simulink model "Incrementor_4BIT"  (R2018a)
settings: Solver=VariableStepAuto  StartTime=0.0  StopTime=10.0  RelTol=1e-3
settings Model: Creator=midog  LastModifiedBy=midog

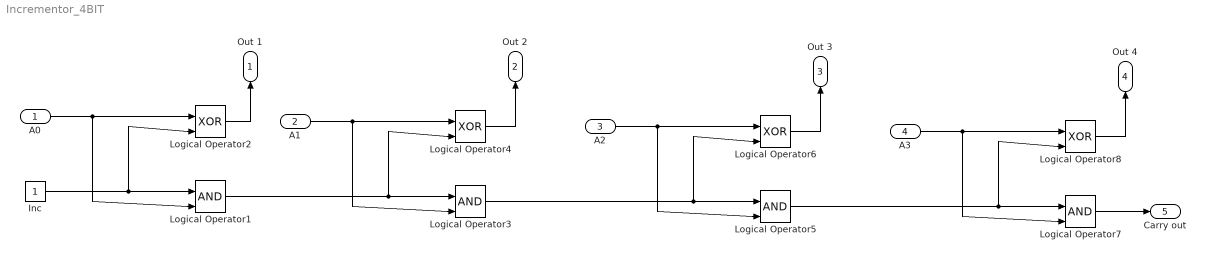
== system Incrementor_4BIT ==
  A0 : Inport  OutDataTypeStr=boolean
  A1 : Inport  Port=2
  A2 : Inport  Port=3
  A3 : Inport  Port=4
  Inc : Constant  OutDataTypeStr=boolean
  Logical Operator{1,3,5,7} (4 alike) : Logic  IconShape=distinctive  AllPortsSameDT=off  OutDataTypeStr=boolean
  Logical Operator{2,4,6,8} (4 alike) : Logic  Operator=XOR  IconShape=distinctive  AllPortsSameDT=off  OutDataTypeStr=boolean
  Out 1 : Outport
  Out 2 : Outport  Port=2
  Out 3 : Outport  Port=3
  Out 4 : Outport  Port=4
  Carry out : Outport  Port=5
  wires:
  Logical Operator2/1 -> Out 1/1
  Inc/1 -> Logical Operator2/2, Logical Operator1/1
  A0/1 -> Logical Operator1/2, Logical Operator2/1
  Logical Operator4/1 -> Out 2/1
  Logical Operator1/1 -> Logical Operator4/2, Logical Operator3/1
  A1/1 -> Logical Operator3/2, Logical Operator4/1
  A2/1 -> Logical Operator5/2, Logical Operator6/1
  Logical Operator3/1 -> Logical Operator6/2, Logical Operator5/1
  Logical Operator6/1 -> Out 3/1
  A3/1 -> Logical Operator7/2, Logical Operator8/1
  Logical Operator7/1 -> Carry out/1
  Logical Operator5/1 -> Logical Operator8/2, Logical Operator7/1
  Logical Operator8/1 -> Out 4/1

──────

Work to complete => With the pictures removed, return all the entries exactly.

Task result =>
simulink model "Incrementor_4BIT"  (R2018a)
settings: Solver=VariableStepAuto  StartTime=0.0  StopTime=10.0  RelTol=1e-3
settings Model: Creator=midog  LastModifiedBy=midog

== system Incrementor_4BIT ==
  A0 : Inport  OutDataTypeStr=boolean
  A1 : Inport  Port=2
  A2 : Inport  Port=3
  A3 : Inport  Port=4
  Inc : Constant  OutDataTypeStr=boolean
  Logical Operator{1,3,5,7} (4 alike) : Logic  IconShape=distinctive  AllPortsSameDT=off  OutDataTypeStr=boolean
  Logical Operator{2,4,6,8} (4 alike) : Logic  Operator=XOR  IconShape=distinctive  AllPortsSameDT=off  OutDataTypeStr=boolean
  Out 1 : Outport
  Out 2 : Outport  Port=2
  Out 3 : Outport  Port=3
  Out 4 : Outport  Port=4
  Carry out : Outport  Port=5
  wires:
  Logical Operator2/1 -> Out 1/1
  Inc/1 -> Logical Operator2/2, Logical Operator1/1
  A0/1 -> Logical Operator1/2, Logical Operator2/1
  Logical Operator4/1 -> Out 2/1
  Logical Operator1/1 -> Logical Operator4/2, Logical Operator3/1
  A1/1 -> Logical Operator3/2, Logical Operator4/1
  A2/1 -> Logical Operator5/2, Logical Operator6/1
  Logical Operator3/1 -> Logical Operator6/2, Logical Operator5/1
  Logical Operator6/1 -> Out 3/1
  A3/1 -> Logical Operator7/2, Logical Operator8/1
  Logical Operator7/1 -> Carry out/1
  Logical Operator5/1 -> Logical Operator8/2, Logical Operator7/1
  Logical Operator8/1 -> Out 4/1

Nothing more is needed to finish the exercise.